• Problem statement
Return exactly the lines of the records below, starting at the line that contains "11.85,28.41 5.74,20.26 z15:18" and ending at the line that contains "5.89,20.07 6.06,19.86 z15.98:17.02", with both of those lines kept.

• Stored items
'''

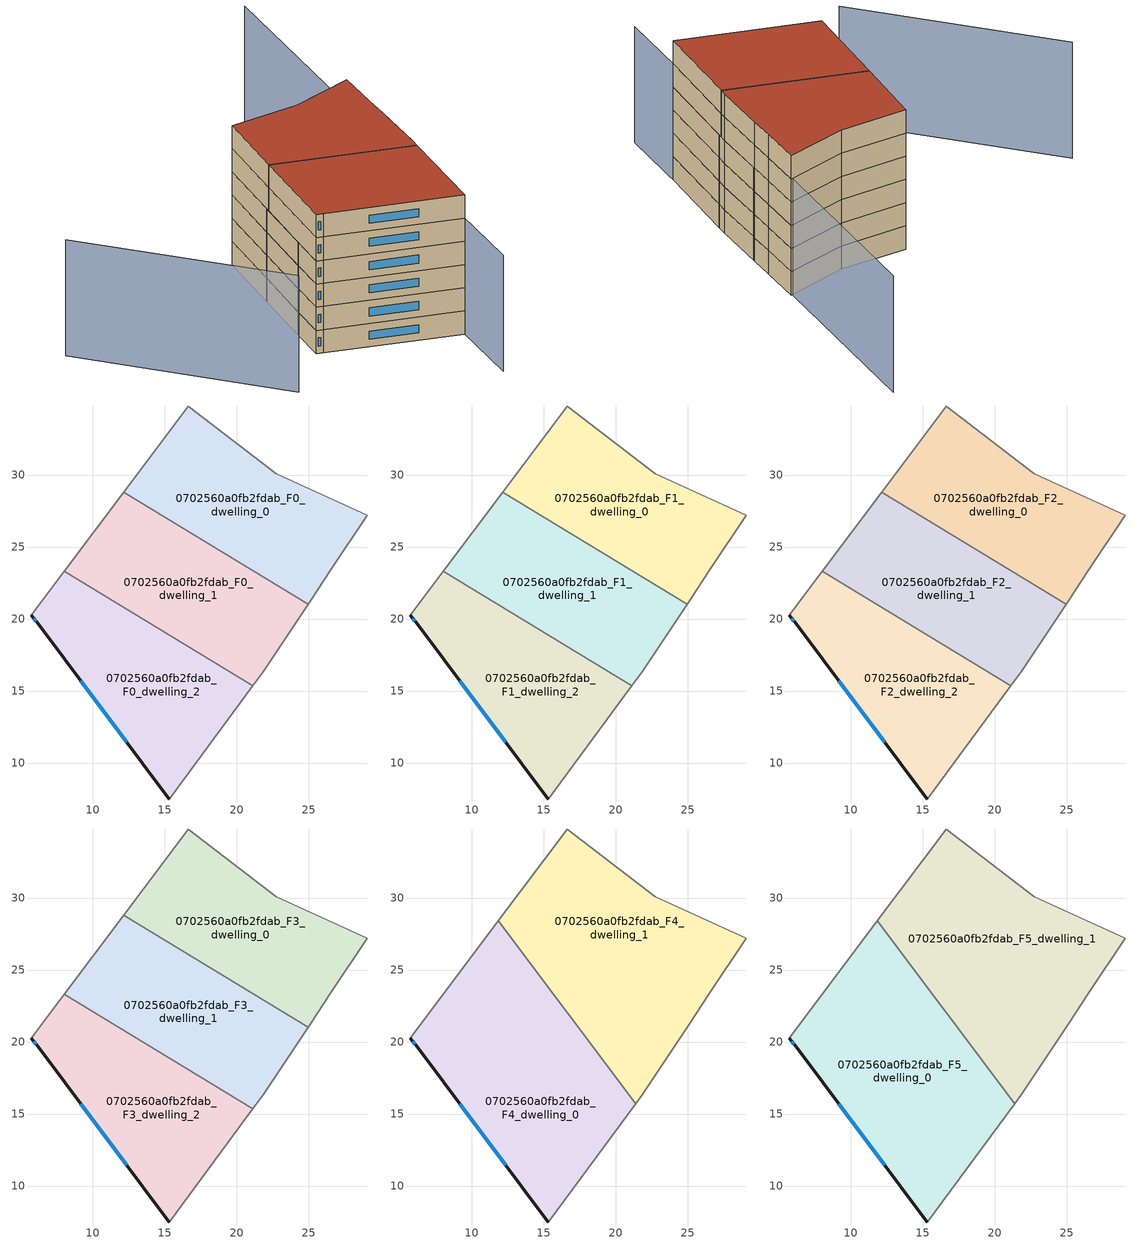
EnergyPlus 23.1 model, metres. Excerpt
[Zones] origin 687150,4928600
0702560a0fb2fdab_F0_dwelling_0
 floor ground (EU_floor_Construction): 29.05,27.2 26.54,23.42 25.1,21.25 24.96,21.04 12.15,28.8 16.64,34.79 22.73,30.11 z0
 wall adiabatic (EU_wall_Construction): 24.96,21.04 25.1,21.25 26.54,23.42 29.05,27.2 22.73,30.11 16.64,34.79 12.15,28.8 z0:3
 wall to 0702560a0fb2fdab_F0_dwelling_1 (EU_wall_Construction): 12.15,28.8 24.96,21.04 z0:3
0702560a0fb2fdab_F0_dwelling_1
 floor ground (EU_floor_Construction): 24.96,21.04 21.84,16.34 21.13,15.38 8.03,23.31 12.15,28.8 z0
 wall adiabatic (EU_wall_Construction): 12.15,28.8 8.03,23.31 / 21.13,15.38 21.84,16.34 24.96,21.04 z0:3
 wall to 0702560a0fb2fdab_F0_dwelling_2 (EU_wall_Construction): 8.03,23.31 21.13,15.38 z0:3
0702560a0fb2fdab_F0_dwelling_2
 floor ground (EU_floor_Construction): 21.13,15.38 15.32,7.5 6.21,19.67 5.74,20.26 8.03,23.31 z0
 wall outside (EU_wall_Construction): 5.74,20.26 6.21,19.67 15.32,7.5 z0:3
 wall adiabatic (EU_wall_Construction): 8.03,23.31 5.74,20.26 / 15.32,7.5 21.13,15.38 z0:3
 window (EU_Window_Construction): 9.17,15.71 12.36,11.46 / 5.89,20.07 6.06,19.86 z0.98:2.02
0702560a0fb2fdab_F1_dwelling_0
 floor to 0702560a0fb2fdab_F0_dwelling_0 (EU_floor_Construction): 29.05,27.2 26.54,23.42 25.1,21.25 24.96,21.04 12.15,28.8 16.64,34.79 22.73,30.11 z3
 wall adiabatic (EU_wall_Construction): 24.96,21.04 25.1,21.25 26.54,23.42 29.05,27.2 22.73,30.11 16.64,34.79 12.15,28.8 z3:6
 wall to 0702560a0fb2fdab_F1_dwelling_1 (EU_wall_Construction): 12.15,28.8 24.96,21.04 z3:6
0702560a0fb2fdab_F1_dwelling_1
 floor to 0702560a0fb2fdab_F0_dwelling_1 (EU_floor_Construction): 24.96,21.04 21.84,16.34 21.13,15.38 8.03,23.31 12.15,28.8 z3
 wall adiabatic (EU_wall_Construction): 12.15,28.8 8.03,23.31 / 21.13,15.38 21.84,16.34 24.96,21.04 z3:6
 wall to 0702560a0fb2fdab_F1_dwelling_2 (EU_wall_Construction): 8.03,23.31 21.13,15.38 z3:6
0702560a0fb2fdab_F1_dwelling_2
 floor to 0702560a0fb2fdab_F0_dwelling_2 (EU_floor_Construction): 21.13,15.38 15.32,7.5 6.21,19.67 5.74,20.26 8.03,23.31 z3
 wall outside (EU_wall_Construction): 5.74,20.26 6.21,19.67 15.32,7.5 z3:6
 wall adiabatic (EU_wall_Construction): 8.03,23.31 5.74,20.26 / 15.32,7.5 21.13,15.38 z3:6
 window (EU_Window_Construction): 9.17,15.71 12.36,11.46 / 5.89,20.07 6.06,19.86 z3.98:5.02
0702560a0fb2fdab_F2_dwelling_0
 floor to 0702560a0fb2fdab_F1_dwelling_0 (EU_floor_Construction): 29.05,27.2 26.54,23.42 25.1,21.25 24.96,21.04 12.15,28.8 16.64,34.79 22.73,30.11 z6
 wall adiabatic (EU_wall_Construction): 24.96,21.04 25.1,21.25 26.54,23.42 29.05,27.2 22.73,30.11 16.64,34.79 12.15,28.8 z6:9
 wall to 0702560a0fb2fdab_F2_dwelling_1 (EU_wall_Construction): 12.15,28.8 24.96,21.04 z6:9
0702560a0fb2fdab_F2_dwelling_1
 floor to 0702560a0fb2fdab_F1_dwelling_1 (EU_floor_Construction): 24.96,21.04 21.84,16.34 21.13,15.38 8.03,23.31 12.15,28.8 z6
 wall adiabatic (EU_wall_Construction): 12.15,28.8 8.03,23.31 / 21.13,15.38 21.84,16.34 24.96,21.04 z6:9
 wall to 0702560a0fb2fdab_F2_dwelling_2 (EU_wall_Construction): 8.03,23.31 21.13,15.38 z6:9
0702560a0fb2fdab_F2_dwelling_2
 floor to 0702560a0fb2fdab_F1_dwelling_2 (EU_floor_Construction): 21.13,15.38 15.32,7.5 6.21,19.67 5.74,20.26 8.03,23.31 z6
 wall outside (EU_wall_Construction): 5.74,20.26 6.21,19.67 15.32,7.5 z6:9
 wall adiabatic (EU_wall_Construction): 8.03,23.31 5.74,20.26 / 15.32,7.5 21.13,15.38 z6:9
 window (EU_Window_Construction): 9.17,15.71 12.36,11.46 / 5.89,20.07 6.06,19.86 z6.98:8.02
0702560a0fb2fdab_F3_dwelling_0
 floor to 0702560a0fb2fdab_F2_dwelling_0 (EU_floor_Construction): 29.05,27.2 26.54,23.42 25.1,21.25 24.96,21.04 12.15,28.8 16.64,34.79 22.73,30.11 z9
 wall adiabatic (EU_wall_Construction): 24.96,21.04 25.1,21.25 26.54,23.42 29.05,27.2 22.73,30.11 16.64,34.79 12.15,28.8 z9:12
 wall to 0702560a0fb2fdab_F3_dwelling_1 (EU_wall_Construction): 12.15,28.8 24.96,21.04 z9:12
0702560a0fb2fdab_F3_dwelling_1
 floor to 0702560a0fb2fdab_F2_dwelling_1 (EU_floor_Construction): 24.96,21.04 21.84,16.34 21.13,15.38 8.03,23.31 12.15,28.8 z9
 wall adiabatic (EU_wall_Construction): 12.15,28.8 8.03,23.31 / 21.13,15.38 21.84,16.34 24.96,21.04 z9:12
 wall to 0702560a0fb2fdab_F3_dwelling_2 (EU_wall_Construction): 8.03,23.31 21.13,15.38 z9:12
0702560a0fb2fdab_F3_dwelling_2
 floor to 0702560a0fb2fdab_F2_dwelling_2 (EU_floor_Construction): 21.13,15.38 15.32,7.5 6.21,19.67 5.74,20.26 8.03,23.31 z9
 wall outside (EU_wall_Construction): 5.74,20.26 6.21,19.67 15.32,7.5 z9:12
 wall adiabatic (EU_wall_Construction): 8.03,23.31 5.74,20.26 / 15.32,7.5 21.13,15.38 z9:12
 window (EU_Window_Construction): 9.17,15.71 12.36,11.46 / 5.89,20.07 6.06,19.86 z9.98:11.02
0702560a0fb2fdab_F4_dwelling_0
 floor to 0702560a0fb2fdab_F3_dwelling_1 (EU_floor_Construction): 11.85,28.41 21.38,15.72 21.13,15.38 8.03,23.31 z12
 floor to 0702560a0fb2fdab_F3_dwelling_2 (EU_floor_Construction): 21.13,15.38 15.32,7.5 6.21,19.67 5.74,20.26 8.03,23.31 z12
 wall outside (EU_wall_Construction): 5.74,20.26 6.21,19.67 15.32,7.5 z12:15
 wall adiabatic (EU_wall_Construction): 15.32,7.5 21.38,15.72 / 11.85,28.41 5.74,20.26 z12:15
 wall to 0702560a0fb2fdab_F4_dwelling_1 (EU_wall_Construction): 21.38,15.72 11.85,28.41 z12:15
 window (EU_Window_Construction): 9.17,15.71 12.36,11.46 / 5.89,20.07 6.06,19.86 z12.98:14.02
0702560a0fb2fdab_F4_dwelling_1
 floor to 0702560a0fb2fdab_F3_dwelling_0 (EU_floor_Construction): 29.05,27.2 26.54,23.42 25.1,21.25 24.96,21.04 12.15,28.8 16.64,34.79 22.73,30.11 z12
 floor to 0702560a0fb2fdab_F3_dwelling_1 (EU_floor_Construction): 24.96,21.04 21.84,16.34 21.38,15.72 11.85,28.41 12.15,28.8 z12
 wall adiabatic (EU_wall_Construction): 21.38,15.72 21.84,16.34 25.1,21.25 26.54,23.42 29.05,27.2 22.73,30.11 16.64,34.79 11.85,28.41 z12:15
0702560a0fb2fdab_F5_dwelling_0
 floor to 0702560a0fb2fdab_F4_dwelling_0 (EU_floor_Construction): 11.85,28.41 21.38,15.72 15.32,7.5 6.21,19.67 5.74,20.26 z15
 wall outside (EU_wall_Construction): 5.74,20.26 6.21,19.67 15.32,7.5 z15:18
 wall adiabatic (EU_wall_Construction): 15.32,7.5 21.38,15.72 / 11.85,28.41 5.74,20.26 z15:18
 wall to 0702560a0fb2fdab_F5_dwelling_1 (EU_wall_Construction): 21.38,15.72 11.85,28.41 z15:18
 window (EU_Window_Construction): 9.17,15.71 12.36,11.46 / 5.89,20.07 6.06,19.86 z15.98:17.02
 roof outside (EU_roof_Construction): 15.32,7.5 21.38,15.72 11.85,28.41 5.74,20.26 6.21,19.67 z18
0702560a0fb2fdab_F5_dwelling_1
 floor to 0702560a0fb2fdab_F4_dwelling_1 (EU_floor_Construction): 29.05,27.2 26.54,23.42 25.1,21.25 21.84,16.34 21.38,15.72 11.85,28.41 16.64,34.79 22.73,30.11 z15
 wall adiabatic (EU_wall_Construction): 21.38,15.72 21.84,16.34 25.1,21.25 26.54,23.42 29.05,27.2 22.73,30.11 16.64,34.79 11.85,28.41 z15:18
 roof outside (EU_roof_Construction): 25.1,21.25 26.54,23.42 29.05,27.2 22.73,30.11 16.64,34.79 11.85,28.41 21.38,15.72 21.84,16.34 z18
shading: -1.2,19.13 -5.28,44.03 / 10.95,1.15 40.46,44.03 z0:15
[Building]
EU S2 Campaign: North Axis=0; Terrain=City; Solar Distribution=FullExterior
[Site:Location]
Bologna: Latitude=44.5; Longitude=11.25; Time Zone=1; Elevation=37
[SizingPeriod:WeatherFileDays]
AnnualSizingPeriod: Begin Month=1; Begin Day of Month=1; End Month=12; End Day of Month=31; Day of Week for Start Day=Monday; Use Weather File Daylight Saving Period=No; Use Weather File Rain and Snow Indicators=No
[MATERIAL]
EU_InternalMass_Material: Roughness=MediumRough; Thickness=0.1; Conductivity=1; Density=1800; Specific Heat=900; Thermal Absorptance=0.9; Solar Absorptance=0.7; Visible Absorptance=0.7
[MATERIAL:NOMASS] Roughness=MediumRough; Thermal Absorptance=0.9; Solar Absorptance=0.7; Visible Absorptance=0.7
Name | Thermal Resistance
EU_wall_NoMass | 0.905828
EU_roof_NoMass | 0.37593
EU_floor_NoMass | 0.67114
[WINDOWMATERIAL:SIMPLEGLAZINGSYSTEM]
EU_Window_SimpleGlazing: UFactor=4.52486; Solar Heat Gain Coefficient=0.85; Visible Transmittance=0.85
[CONSTRUCTION]
EU_wall_Construction: EU_wall_NoMass
EU_roof_Construction: EU_roof_NoMass
EU_floor_Construction: EU_floor_NoMass
EU_InternalMass_Construction: EU_InternalMass_Material
EU_Window_Construction: EU_Window_SimpleGlazing
[ZONE] Type=1; Multiplier=1; Ceiling Height=autocalculate; Floor Area=autocalculate; Part of Total Floor Area=Yes
Name | Volume
0702560a0fb2fdab_F0_dwelling_0; 0702560a0fb2fdab_F1_dwelling_0; 0702560a0fb2fdab_F2_dwelling_0; 0702560a0fb2fdab_F3_dwelling_0 | 310.896
0702560a0fb2fdab_F4_dwelling_0 | 466.346
0702560a0fb2fdab_F5_dwelling_0 | 466.358
0702560a0fb2fdab_F0_dwelling_1; 0702560a0fb2fdab_F1_dwelling_1; 0702560a0fb2fdab_F2_dwelling_1; 0702560a0fb2fdab_F3_dwelling_1 | 310.902
0702560a0fb2fdab_F4_dwelling_1 | 466.37
0702560a0fb2fdab_F5_dwelling_1 | 466.375
0702560a0fb2fdab_F0_dwelling_2; 0702560a0fb2fdab_F1_dwelling_2; 0702560a0fb2fdab_F2_dwelling_2; 0702560a0fb2fdab_F3_dwelling_2 | 310.922
[INTERNALMASS] Construction=EU_InternalMass_Construction
Name | Zone or ZoneList | Surface Area
0702560a0fb2fdab_F0_dwelling_0_EU_InternalMass | 0702560a0fb2fdab_F0_dwelling_0 | 103.632
0702560a0fb2fdab_F0_dwelling_1_EU_InternalMass | 0702560a0fb2fdab_F0_dwelling_1 | 103.634
0702560a0fb2fdab_F0_dwelling_2_EU_InternalMass | 0702560a0fb2fdab_F0_dwelling_2 | 103.641
0702560a0fb2fdab_F1_dwelling_0_EU_InternalMass | 0702560a0fb2fdab_F1_dwelling_0 | 103.632
0702560a0fb2fdab_F1_dwelling_1_EU_InternalMass | 0702560a0fb2fdab_F1_dwelling_1 | 103.634
0702560a0fb2fdab_F1_dwelling_2_EU_InternalMass | 0702560a0fb2fdab_F1_dwelling_2 | 103.641
0702560a0fb2fdab_F2_dwelling_0_EU_InternalMass | 0702560a0fb2fdab_F2_dwelling_0 | 103.632
0702560a0fb2fdab_F2_dwelling_1_EU_InternalMass | 0702560a0fb2fdab_F2_dwelling_1 | 103.634
0702560a0fb2fdab_F2_dwelling_2_EU_InternalMass | 0702560a0fb2fdab_F2_dwelling_2 | 103.641
0702560a0fb2fdab_F3_dwelling_0_EU_InternalMass | 0702560a0fb2fdab_F3_dwelling_0 | 103.632
0702560a0fb2fdab_F3_dwelling_1_EU_InternalMass | 0702560a0fb2fdab_F3_dwelling_1 | 103.634
0702560a0fb2fdab_F3_dwelling_2_EU_InternalMass | 0702560a0fb2fdab_F3_dwelling_2 | 103.641
0702560a0fb2fdab_F4_dwelling_0_EU_InternalMass | 0702560a0fb2fdab_F4_dwelling_0 | 155.453
0702560a0fb2fdab_F4_dwelling_1_EU_InternalMass | 0702560a0fb2fdab_F4_dwelling_1 | 155.458
0702560a0fb2fdab_F5_dwelling_0_EU_InternalMass | 0702560a0fb2fdab_F5_dwelling_0 | 155.453
0702560a0fb2fdab_F5_dwelling_1_EU_InternalMass | 0702560a0fb2fdab_F5_dwelling_1 | 155.458
[OTHEREQUIPMENT] Fuel Type=Electricity; Design Level Calculation Method=Watts/Area; Power per Zone Floor Area=1; Fraction Latent=0; Fraction Radiant=0; Fraction Lost=0; Carbon Dioxide Generation Rate=0; EndUse Subcategory=EU_Step8_InternalGains
Name | Zone or ZoneList or Space or SpaceList | Schedule
EU_Step8_InternalGain_0702560a0fb2fdab_F0_dwelling_0_f000 | 0702560a0fb2fdab_F0_dwelling_0 | EU_Step8_GainSchedule_0702560a0fb2fdab_F0_dwelling_0_f000
EU_Step8_InternalGain_0702560a0fb2fdab_F0_dwelling_1_f000 | 0702560a0fb2fdab_F0_dwelling_1 | EU_Step8_GainSchedule_0702560a0fb2fdab_F0_dwelling_1_f000
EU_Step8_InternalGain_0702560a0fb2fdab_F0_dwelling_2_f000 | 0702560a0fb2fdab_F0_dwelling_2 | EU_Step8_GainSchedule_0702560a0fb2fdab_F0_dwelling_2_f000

'''

• Output
 wall adiabatic (EU_wall_Construction): 15.32,7.5 21.38,15.72 / 11.85,28.41 5.74,20.26 z15:18
 wall to 0702560a0fb2fdab_F5_dwelling_1 (EU_wall_Construction): 21.38,15.72 11.85,28.41 z15:18
 window (EU_Window_Construction): 9.17,15.71 12.36,11.46 / 5.89,20.07 6.06,19.86 z15.98:17.02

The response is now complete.